It’s like a scene from an old war movie. The National Health Service is a Royal Navy ship crashing through a stormy sea being buffeted by wave after wave of surging demand. Fuel is running low. The captain calls for more power. The needle on the engine room pressure dial goes above 100 per cent, and becomes stuck deep in the red zone. After ten minutes of running at absolute maximum power the engines falter and the ship shudders. Nervous glances cross the bridge. How much longer can the ship stay in the red zone? Can it stay afloat? When will it founder?
Excuse the dramatic license, but that’s how it feels in the health service at the moment – we’re trying to run the NHS permanently above its sustainable limits, well into the red zone.
Take NHS funding. We are in the middle of the longest and deepest financial squeeze in NHS history. Costs and demand are growing by five per cent a year, but we are in the midst of a twelve year stretch where funding, on current plans, will rise by less than one per cent a year on average.
Although NHS trust finances have started to stabilise, there is still an underlying deficit of at least £3.5bn. We are only balancing the books by robbing capital budgets, selling off land and making one-off, nonrecurrent accounting adjustments or savings. The consequences are increasingly obvious; for example, the safety-critical NHS maintenance backlog has more than doubled in just two years from £458m to a whopping £947m. As the National Audit Office has pointed out, the health service at a local level remains under considerable financial pressure and the NHS still has a long way to go before we can regard it as being once again on a sustainable footing.

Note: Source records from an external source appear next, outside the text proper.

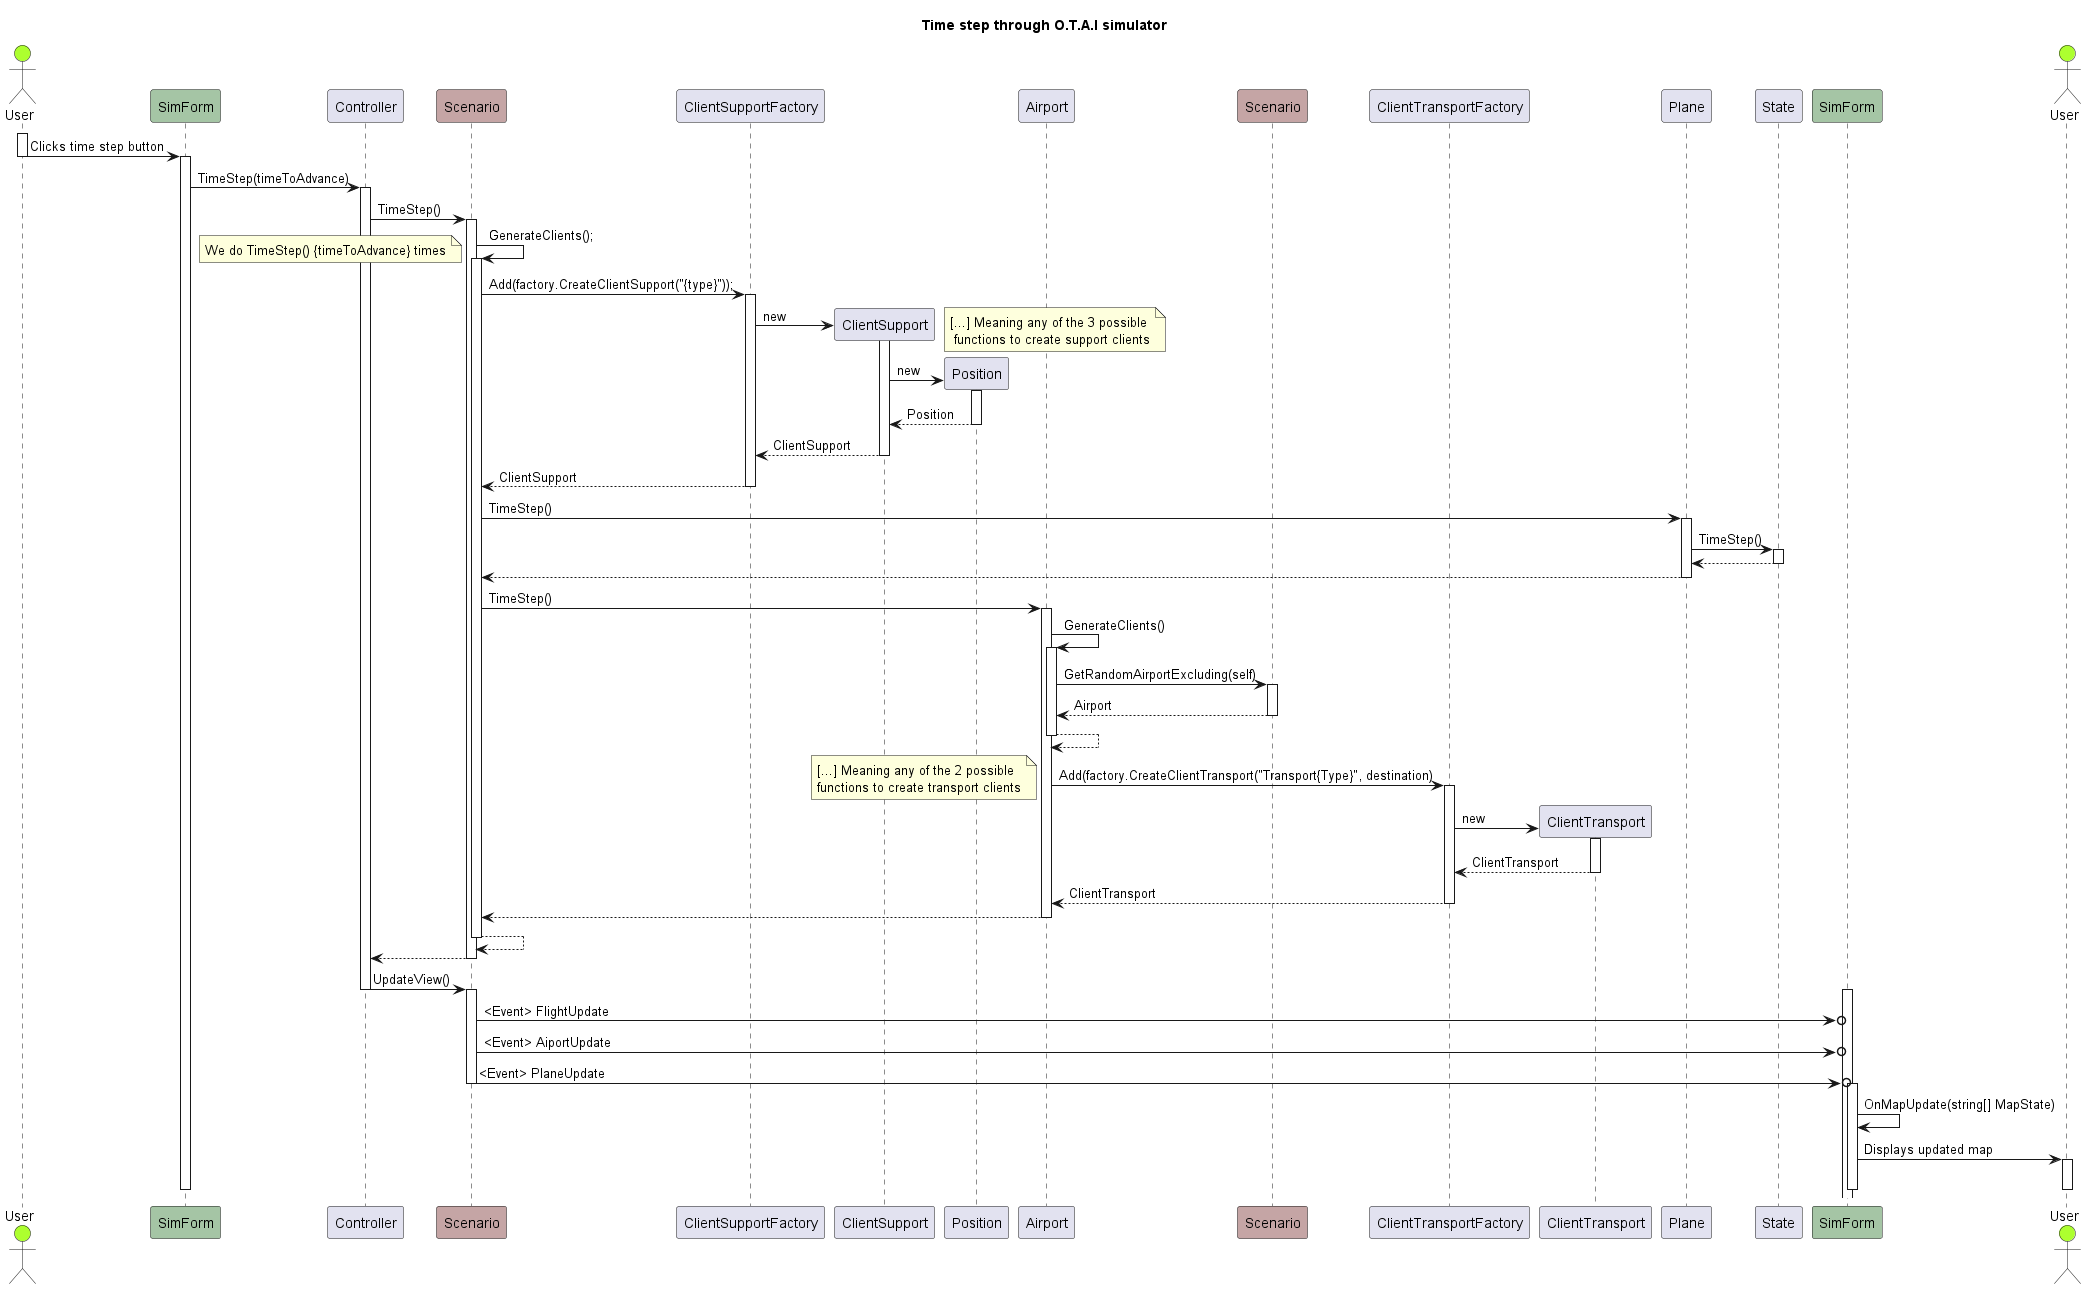

The diagram above was rendered by PlantUML. Its source (embedded in the PNG):
@startuml

title Time step through O.T.A.I simulator

actor "User" as bob1 #GreenYellow
actor "User" as bob2 order 200 #GreenYellow
participant SimForm #a5c5a5
participant "Controller" as ctrl1
participant "Scenario" as scene1 #c5a5a5
participant "ClientSupportFactory" as facto1
participant "ClientSupport" as clisupp
participant "Position" as pos1
participant "Airport" as port1
participant "Scenario" as scene2 #c5a5a5
participant "ClientTransportFactory" as facto2
participant "ClientTransport" as clitrsp
participant "Plane" as plane1
participant "State" as state1
participant "SimForm" as form2 #a5c5a5

activate bob1

bob1 -> SimForm : Clicks time step button
deactivate bob1
activate SimForm


SimForm -> ctrl1 : TimeStep(timeToAdvance)
activate ctrl1

ctrl1 -> scene1 : TimeStep()
activate scene1

scene1 -> scene1 : GenerateClients();
note left : We do TimeStep() {timeToAdvance} times
activate scene1

scene1 -> facto1 : Add(factory.CreateClientSupport("{type}"));

activate facto1

create clisupp

facto1 -> clisupp : new
activate clisupp
note right : [...] Meaning any of the 3 possible\n functions to create support clients
create pos1
clisupp -> pos1 : new
activate pos1

return Position
return ClientSupport
return ClientSupport


scene1 -> plane1 : TimeStep()
activate plane1

plane1 -> state1 : TimeStep()
activate state1

return 
return 

scene1 -> port1 : TimeStep()
activate port1

port1 -> port1 : GenerateClients()
activate port1

port1 -> scene2 : GetRandomAirportExcluding(self)
activate scene2

return Airport

return 

port1 -> facto2 : Add(factory.CreateClientTransport("Transport{Type}", destination)
note left : [...] Meaning any of the 2 possible\nfunctions to create transport clients
activate facto2

create clitrsp
facto2 -> clitrsp : new
activate clitrsp

return ClientTransport
return ClientTransport
return 
return 
return 


ctrl1 -> scene1 : UpdateView()
deactivate 
activate scene1
activate form2
scene1 ->o form2 : <Event> FlightUpdate
scene1 ->o form2 : <Event> AiportUpdate
scene1 ->o form2 : <Event> PlaneUpdate
deactivate scene1

activate form2
form2 -> form2 : OnMapUpdate(string[] MapState)

form2 -> bob2 : Displays updated map
activate bob2

deactivate bob2
deactivate form2

deactivate SimForm
@enduml

The workforce pressure dial is firmly in the red too. We have widespread staff shortages. There are growing recruitment and retention problems due to Brexit and ongoing NHS pay restraint. Many staff argue they can’t provide the safe, high-quality care that patients deserve, despite routinely working longer than recommended or paid hours.
I was particularly struck by a conversation I recently had with a nurse who, after building her experience and expertise for 12 years, had decided to leave the profession because she had woken up too many times at three in the morning worrying about whether she had been able to do her job safely. That is what trying to run the NHS permanently in the red zone looks like from a staff point of view.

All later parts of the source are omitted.